In Docker / Kubernetes: the container's memory limit acts like a cgroup OOM limit. When mysqld exceeds the container's memory limit, the OOM killer fires inside the container. Use resources.limits.memory that accounts for the full MySQL memory footprint, including per-thread buffers.
vm.overcommit_memory=2 on Linux prevents memory overcommit: processes cannot allocate more than physical RAM + swap. This avoids OOM situations entirely but requires careful sizing — MySQL may fail to start if the buffer pool request exceeds the overcommit limit.
InnoDB crash recovery is safe — InnoDB is ACID-compliant and will always recover to a consistent state after a kill. However, recovery time scales with the amount of in-flight work at the time of the kill.

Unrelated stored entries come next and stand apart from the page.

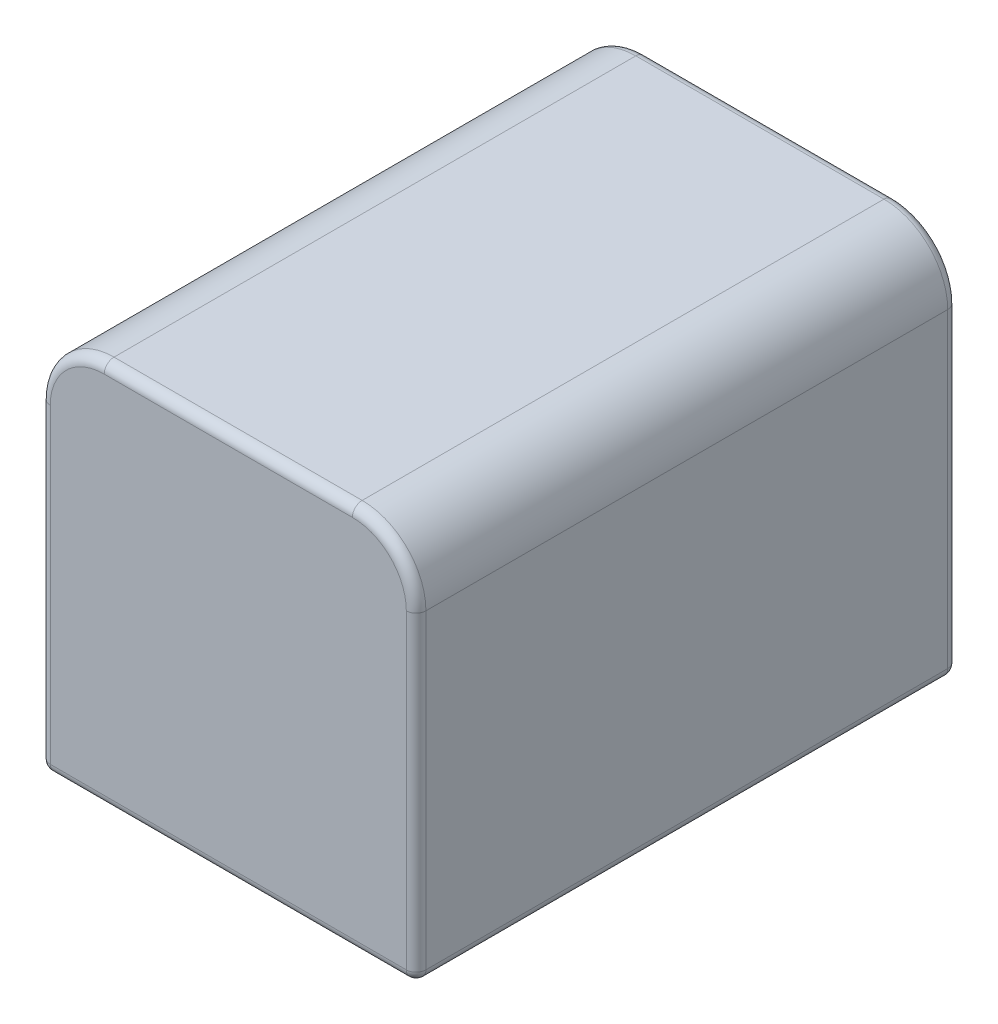
from build123d import *

# Parameters (mm, degrees)
EXTRUDE1_DEPTH = 55.2
FILLET1_R      = 1


with BuildPart() as part:
    # Sketch1 → Extrude1 (new body)
    with BuildSketch(Plane.XY):
        with BuildLine():
            Line((-19.15, 0), (19.15, 0))
            Line((19.15, 0), (19.15, 32.7))
            ThreePointArc((19.15, 32.7), (17.246194078, 37.296194078), (12.65, 39.2))
            Line((12.65, 39.2), (-12.65, 39.2))
            ThreePointArc((-12.65, 39.2), (-17.246194078, 37.296194078), (-19.15, 32.7))
            Line((-19.15, 32.7), (-19.15, 0))
        make_face()
    extrude(amount=EXTRUDE1_DEPTH)

    # Fillet1
    fillet1_edges = [part.edges().sort_by_distance(p)[0] for p in [
        (19.15, 16.35, 55.2),
        (19.15, 0, 27.6),
        (-19.15, 0, 27.6),
        (17.246194078, 37.296194078, 55.2),
        (0, 39.2, 55.2),
        (-17.246194078, 37.296194078, 55.2),
        (-19.15, 16.35, 55.2),
        (-17.246194078, 37.296194078, 0),
        (0, 39.2, 0),
        (17.246194078, 37.296194078, 0),
        (19.15, 16.35, 0),
        (0, 0, 55.2),
        (0, 0, 0),
        (-19.15, 16.35, 0),
    ]]
    fillet(fillet1_edges, radius=FILLET1_R)


solid = part.part
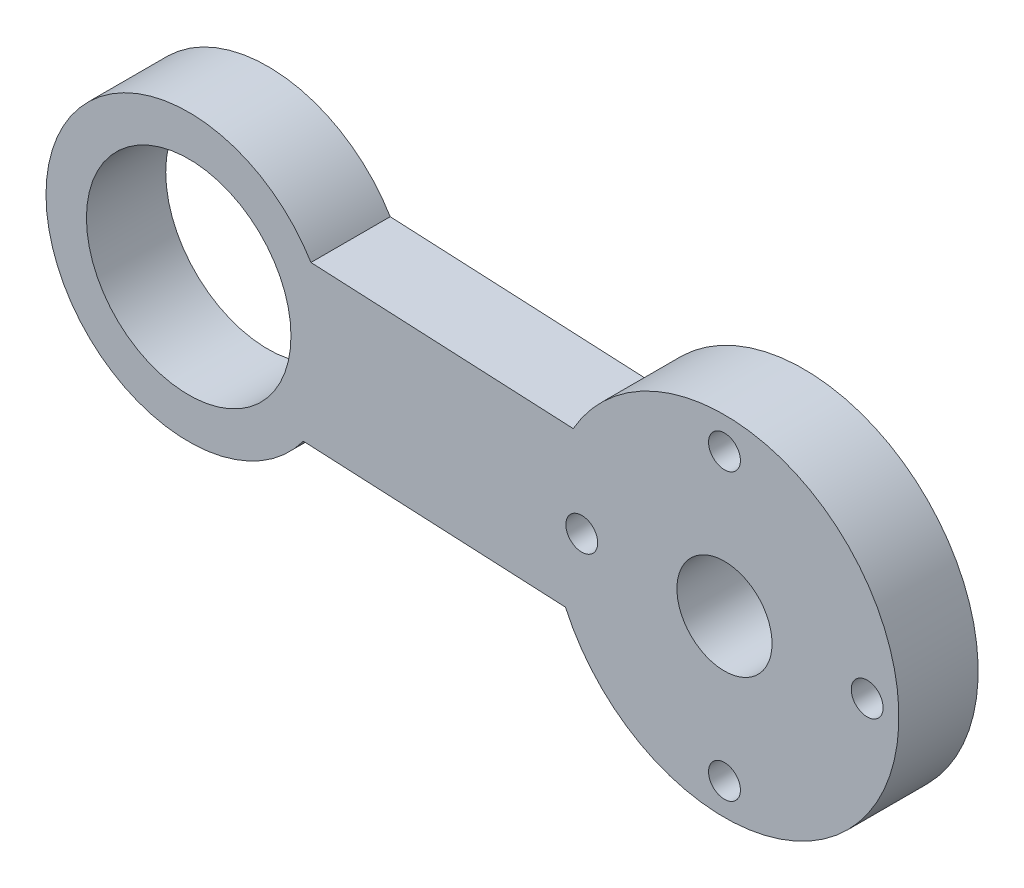
from build123d import *

# Parameters (mm, degrees)
BOSS_EXTRU_1_DEPTH      = 5
ESQUISSE2_R             = 1.005
ESQUISSE2_R_2           = 3
ENL_V_MAT_EXTRU_1_DEPTH = 6
ESQUISSE3_R             = 9
BOSS_EXTRU_2_DEPTH      = 5
ESQUISSE5_R             = 6.45
ENL_V_MAT_EXTRU_2_DEPTH = 6


with BuildPart() as part:
    # Esquisse1 → Boss.-Extru.1 (new body)
    with BuildSketch(Plane.XY):
        with BuildLine():
            Line((-10.02588737, -4.525658234), (-40.02588737, -3.070914704))
            Line((-40.02588737, -3.070914704), (-39.541047229, 6.929085296))
            Line((-39.541047229, 6.929085296), (-9.541047229, 5.474341766))
            ThreePointArc((-9.541047229, 5.474341766), (10.987093901, -0.532698415), (-10.02588737, -4.525658234))
        make_face()
    extrude(amount=BOSS_EXTRU_1_DEPTH)

    # Esquisse2 → Enlèv. mat.-Extru.1 (cut)
    with BuildSketch(Plane.XY.offset(5)):
        with Locations((0, 9)):
            Circle(ESQUISSE2_R)
        with Locations((9, 0)):
            Circle(ESQUISSE2_R)
        with Locations((0, -9)):
            Circle(ESQUISSE2_R)
        with Locations((-9, 0)):
            Circle(ESQUISSE2_R)
        with Locations((-33.790793572, 1.632611651)):
            Circle(ESQUISSE2_R)
        Circle(ESQUISSE2_R_2)
    extrude(amount=-ENL_V_MAT_EXTRU_1_DEPTH, mode=Mode.SUBTRACT)

    # Esquisse3 → Boss.-Extru.2 (add)
    with BuildSketch(Plane(origin=(0, 0, 0), x_dir=(-1, 0, 0), z_dir=(0, 0, -1))):
        with Locations((33.790793572, 1.632611651)):
            Circle(ESQUISSE3_R)
    extrude(amount=-BOSS_EXTRU_2_DEPTH)

    # Esquisse5 → Enlèv. mat.-Extru.2 (cut)
    with BuildSketch(Plane(origin=(0, 0, 0), x_dir=(-1, 0, 0), z_dir=(0, 0, -1))):
        with Locations((33.790793572, 1.632611651)):
            Circle(ESQUISSE5_R)
    extrude(amount=-ENL_V_MAT_EXTRU_2_DEPTH, mode=Mode.SUBTRACT)


solid = part.part
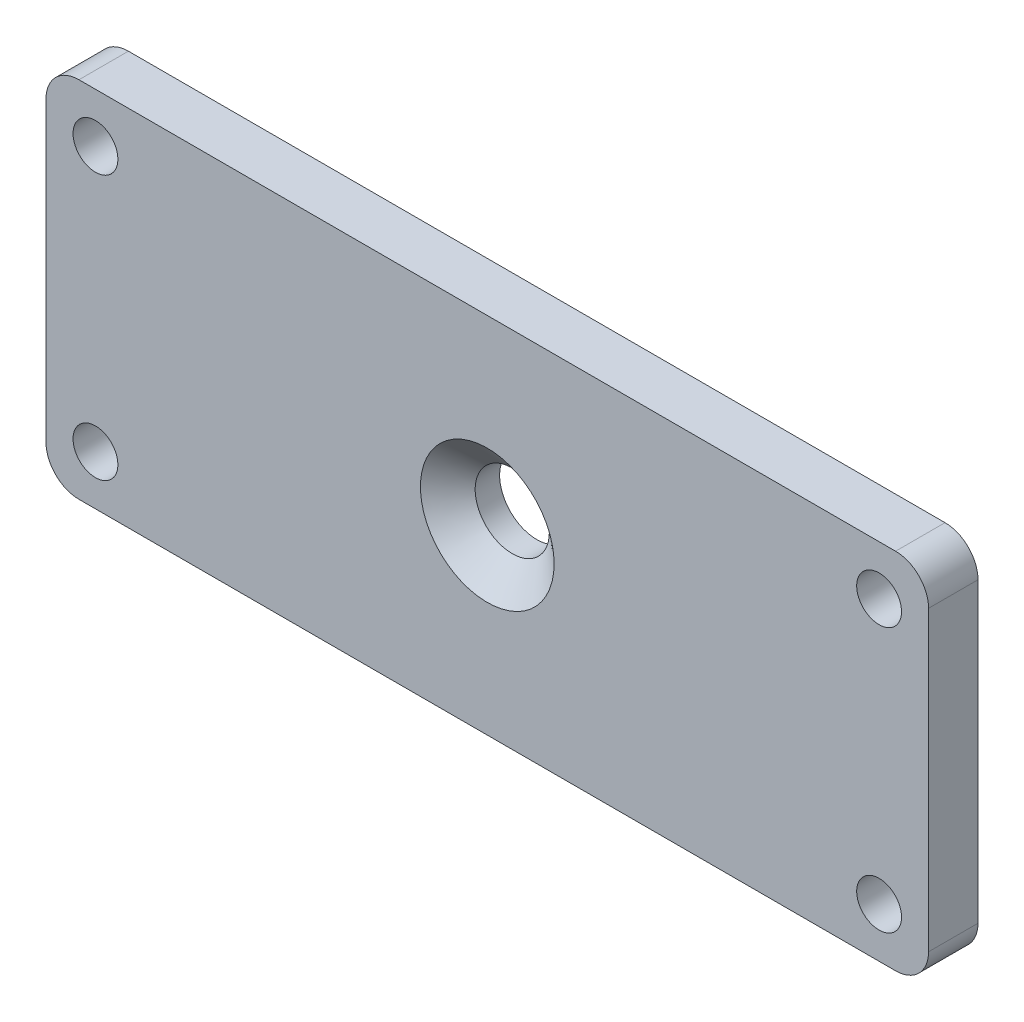
from build123d import *

# Parameters (mm, degrees)
SKETCH1_W           = 85
SKETCH1_H           = 4.7625
BOSS_EXTRUDE1_DEPTH = 17.5
FILLET1_R           = 3.175
SKETCH3_R           = 2.159
CUT_EXTRUDE3_DEPTH  = 10


with BuildPart() as part:
    # Sketch1 → Boss-Extrude1 (new, symmetric)
    with BuildSketch(Plane(origin=(0, 0, 0), x_dir=(1, 0, 0), z_dir=(0, 1, 0))):
        with Locations((0, 2.38125)):
            Rectangle(SKETCH1_W, SKETCH1_H)
    extrude(amount=BOSS_EXTRUDE1_DEPTH, both=True)

    # Fillet1
    fillet1_edges = [part.edges().sort_by_distance(p)[0] for p in [
        (42.5, 17.5, -2.38125),
        (42.5, -17.5, -2.38125),
        (-42.5, -17.5, -2.38125),
        (-42.5, 17.5, -2.38125),
    ]]
    fillet(fillet1_edges, radius=FILLET1_R)

    # Sketch3 → Cut-Extrude3 (cut)
    with BuildSketch(Plane.XY):
        with Locations((-37.7375, 12.7375)):
            Circle(SKETCH3_R)
        with Locations((-37.7375, -12.7375)):
            Circle(SKETCH3_R)
        with Locations((37.7375, 12.7375)):
            Circle(SKETCH3_R)
        with Locations((37.7375, -12.7375)):
            Circle(SKETCH3_R)
    extrude(amount=-CUT_EXTRUDE3_DEPTH, mode=Mode.SUBTRACT)

    # Sketch9 → CSK for 1/4 Flat Head Machine Screw (100)1 (revolve, cut)
    with BuildSketch(Plane(origin=(0, 0, 0), x_dir=(0, -1, 0), z_dir=(1, 0, 0))):
        Polygon((0, 0), (0, 4.7625), (3.57124, 4.7625), (3.57124, 2.406252448), (6.4389, 0), align=None)
    revolve(axis=Axis((0, 0, 6.35), (0, 0, -1)), mode=Mode.SUBTRACT)


solid = part.part
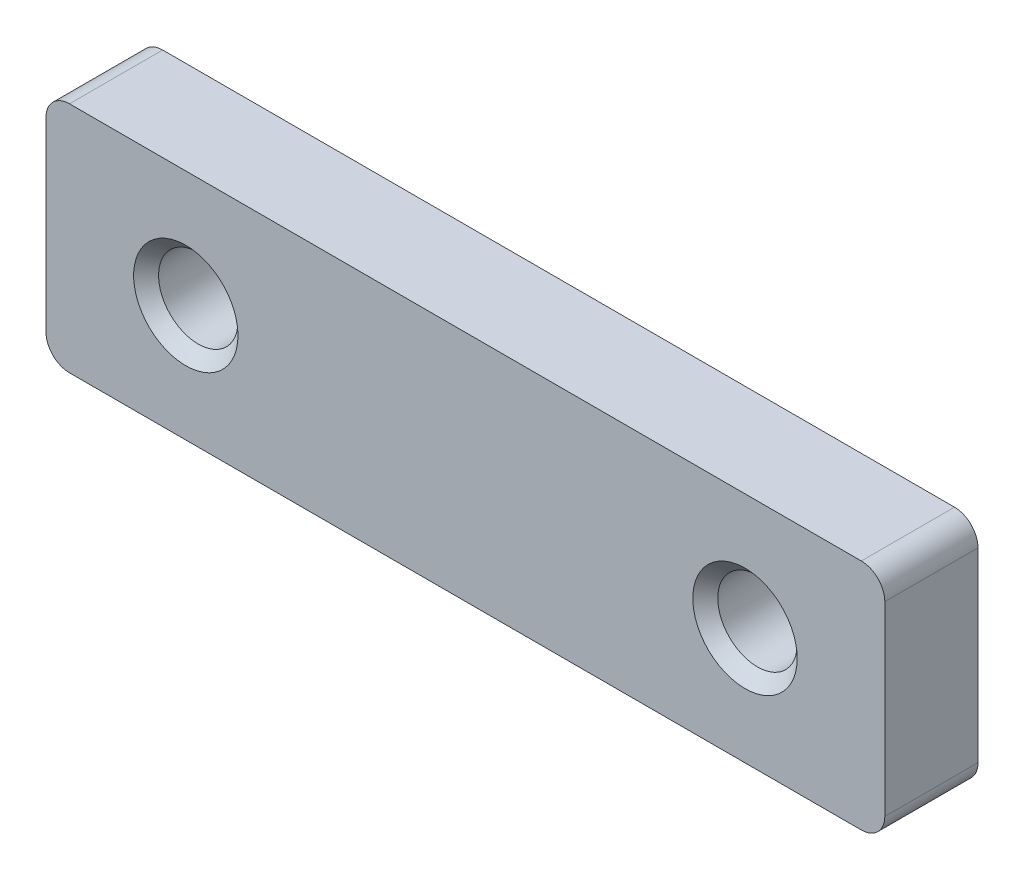
from build123d import *

# Parameters (mm, degrees)
SKETCH1_W                        = 57.15
SKETCH1_H                        = 15.875
BOSS_EXTRUDE1_DEPTH              = 6.35
F_1_4_28_TAPPED_HOLE1_AT_2_COUNT = 2
F_1_4_28_TAPPED_HOLE1_AT_2_PITCH = 38.1
FILLET1_R                        = 1.6002


with BuildPart() as part:
    # Sketch1 → Boss-Extrude1 (new body)
    with BuildSketch(Plane.XY):
        Rectangle(SKETCH1_W, SKETCH1_H)
    extrude(amount=-BOSS_EXTRUDE1_DEPTH)

    # Sketch2 → 1/4-28 Tapped Hole1 (revolve, cut)
    with BuildSketch(Plane(origin=(19.05, 0, 0), x_dir=(0, -1, 0), z_dir=(1, 0, 0))):
        Polygon((0, 0), (0, 6.35), (3.556, 6.35), (2.7051, 5.4991), (2.7051, 0.8509), (3.556, 0), align=None)
    f_1_4_28_tapped_hole1 = revolve(axis=Axis((19.05, 0, 6.35), (0, 0, -1)), mode=Mode.SUBTRACT)

    # 1/4-28 Tapped Hole1 at 2: 1/4-28 Tapped Hole1 ×2
    with Locations(*[(-i * F_1_4_28_TAPPED_HOLE1_AT_2_PITCH, 0, 0) for i in range(1, F_1_4_28_TAPPED_HOLE1_AT_2_COUNT)]):
        add(f_1_4_28_tapped_hole1, mode=Mode.SUBTRACT)

    # Fillet1
    fillet1_edges = [part.edges().sort_by_distance(p)[0] for p in [
        (-28.575, 7.9375, -3.175),
        (28.575, 7.9375, -3.175),
        (28.575, -7.9375, -3.175),
        (-28.575, -7.9375, -3.175),
    ]]
    fillet(fillet1_edges, radius=FILLET1_R)


solid = part.part
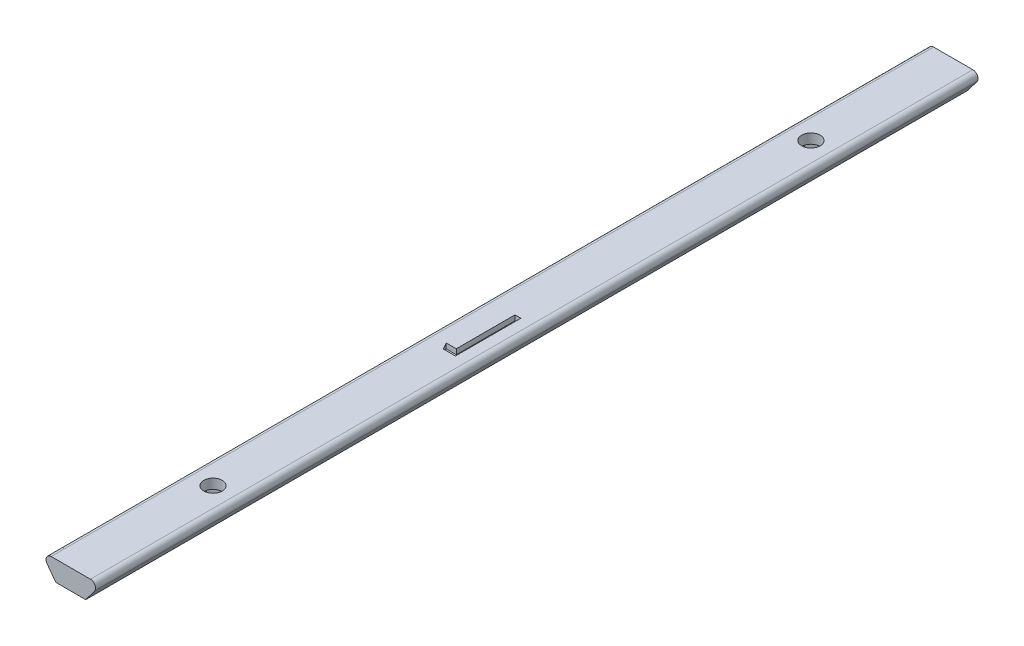
from build123d import *

# Parameters (mm, degrees)
BOSS_EXTRUDE1_DEPTH = 171.2
FILLET1_R           = 1
SKETCH2_R           = 1.8
CUT_EXTRUDE1_DEPTH  = 200
CUT_EXTRUDE2_DEPTH  = 2
LPATTERN1_COUNT     = 3
LPATTERN1_PITCH     = 116
CUT_EXTRUDE3_DEPTH  = 1


with BuildPart() as part:
    # Sketch1 → Boss-Extrude1 (new body)
    with BuildSketch(Plane.XY):
        Polygon((0, 0), (5.8, 0), (8.7, 3.9), (-2.9, 3.9), align=None)
    extrude(amount=BOSS_EXTRUDE1_DEPTH)

    # Fillet1
    fillet1_edges = [part.edges().sort_by_distance(p)[0] for p in [
        (-2.9, 3.9, 85.6),
        (8.7, 3.9, 85.6),
    ]]
    fillet(fillet1_edges, radius=FILLET1_R)

    # Sketch2 → Cut-Extrude1 (cut)
    with BuildSketch(Plane.XZ):
        with Locations(Location((2.9, 143.6, 0), (0, 0, 270))):
            Circle(SKETCH2_R)
    cut_extrude1 = extrude(amount=-CUT_EXTRUDE1_DEPTH, mode=Mode.SUBTRACT)

    # Sketch3 → Cut-Extrude2 (cut)
    with BuildSketch(Plane.XZ):
        Polygon((2.92874321, 146.948508199), (0.01447844, 145.29914645), (-0.014264771, 141.950638251), (2.87125679, 140.251491801), (5.78552156, 141.90085355), (5.814264771, 145.249361749), align=None)
    cut_extrude2 = extrude(amount=-CUT_EXTRUDE2_DEPTH, mode=Mode.SUBTRACT)

    # LPattern1: Cut-Extrude1, Cut-Extrude2 ×3
    with Locations(*[(0, 0, -i * LPATTERN1_PITCH) for i in range(1, LPATTERN1_COUNT)]):
        add(cut_extrude1, mode=Mode.SUBTRACT)
        add(cut_extrude2, mode=Mode.SUBTRACT)

    # Sketch4 → Cut-Extrude3 (cut)
    with BuildSketch(Plane(origin=(0, 3.9, 0), x_dir=(1, 0, 0), z_dir=(0, 1, 0))):
        Polygon((2.277474494, -98.3), (4.625651577, -98.3), (4.625651577, -85.6), (3.485907988, -85.6), (3.485907988, -96.997435897), (1.532061834, -96.997435897), align=None)
    extrude(amount=-CUT_EXTRUDE3_DEPTH, mode=Mode.SUBTRACT)


solid = part.part
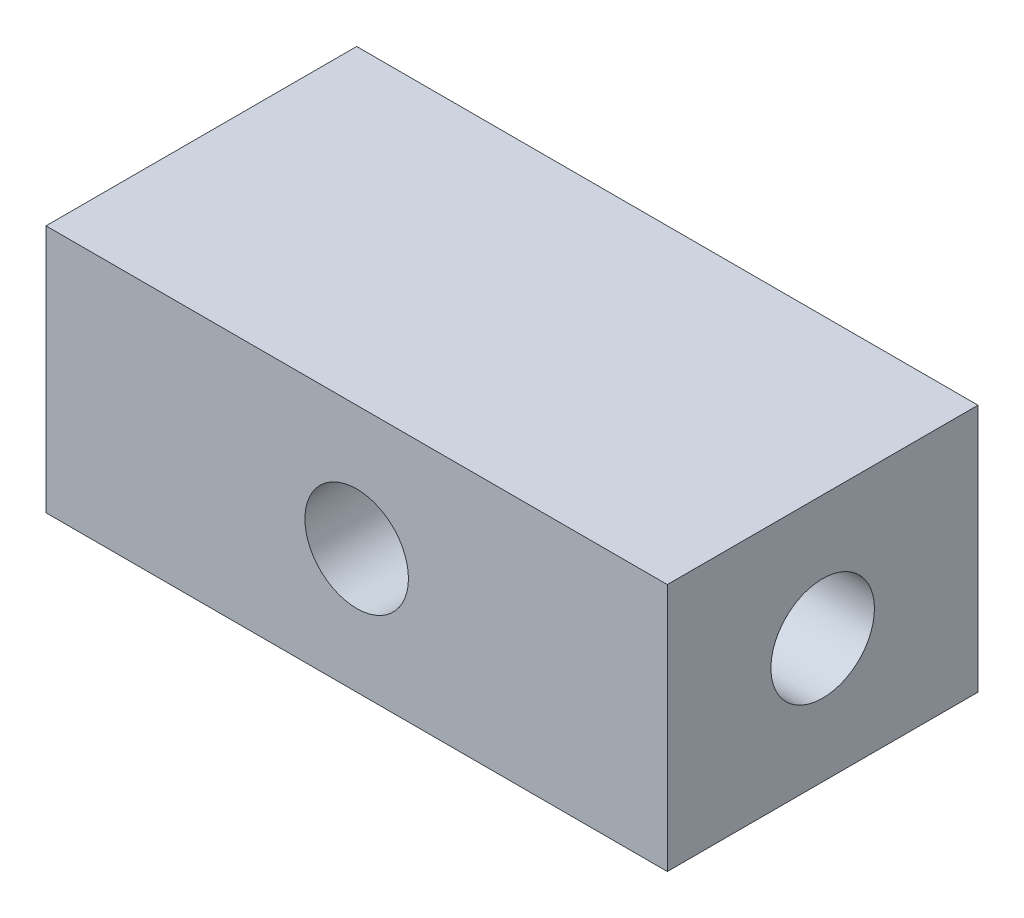
from build123d import *

# Parameters (mm, degrees)
SCHIZZO1_W                   = 30
SCHIZZO1_H                   = 12
SCHIZZO1_R                   = 2.5
ESTRUSIONE_ESTRUSIONE1_DEPTH = 7.5
TAGLIO_ESTRUSIONE1_REACH     = 33.5
SCHIZZO3_R                   = 2.5


with BuildPart() as part:
    # Schizzo1 → Estrusione-Estrusione1 (new, symmetric)
    with BuildSketch(Plane.XY):
        Rectangle(SCHIZZO1_W, SCHIZZO1_H)
        Circle(SCHIZZO1_R, mode=Mode.SUBTRACT)
    extrude(amount=ESTRUSIONE_ESTRUSIONE1_DEPTH, both=True)

    # Taglio-Estrusione1: up to this face of the body (flat: up to its plane)
    taglio_estrusione1_end = Plane(part.part.faces().sort_by_distance((-15, 0, 0))[0])
    # Schizzo3 → Taglio-Estrusione1 (cut, up to the picked face)
    with BuildSketch(Plane(origin=(15, 0, 0), x_dir=(0, 0, -1), z_dir=(1, 0, 0)), mode=Mode.PRIVATE) as taglio_estrusione1_sk1:
        Circle(SCHIZZO3_R)
    taglio_estrusione1_tool1 = split(extrude(taglio_estrusione1_sk1.sketch, amount=-TAGLIO_ESTRUSIONE1_REACH, mode=Mode.PRIVATE), bisect_by=taglio_estrusione1_end, keep=Keep.BOTH, mode=Mode.PRIVATE)
    add(taglio_estrusione1_tool1.solids().sort_by(Axis((15, 0, 0), (-1, 0, 0)))[0], mode=Mode.SUBTRACT)


solid = part.part

Frequently Asked Questions

Q: innodb_buffer_pool_size is 70% of RAM but I'm still getting OOM kills. Why? A: The remaining 30% must cover OS overhead (~512 MB), per-thread buffers (max_connections × ~4–16 MB), performance_schema tables, temp tables, and any other processes. On a 16 GB host with 200 connections and large per-thread buffers, the non-buffer-pool footprint can easily exceed 3 GB.

Q: MySQL was OOM-killed but dmesg shows no OOM message. What happened? A: The kill may have been triggered by a container runtime OOM limit rather than the kernel OOM killer. Check docker stats, kubectl describe pod, or the container's event log for OOM kill events.

Q: Is it safe to set oom_score_adj = -1000 (never kill mysqld)? A: Not recommended. If mysqld is truly consuming all RAM, the OOM killer will kill other processes instead (possibly the application, the SSH daemon, or the OS itself). A negative adjustment protects mysqld relative to other processes, but the extreme value -1000 shifts all the risk to system stability.

Q: After an OOM kill, should I be worried about data corruption? A: InnoDB is designed to survive unclean shutdowns. On restart, it replays the redo log and rolls back uncommitted transactions, restoring a consistent state. The only permanent data loss is for transactions that were committed on the primary but whose binary log events had not yet been sent to replicas.

Q: How do I monitor for impending OOM conditions before they cause a kill? A: Track node_memory_MemAvailable_bytes (Prometheus node_exporter) and alert when it drops below 10% of total RAM. Also monitor mysqld RSS via /proc/<pid>/status and alert when the ratio approaches your computed memory ceiling.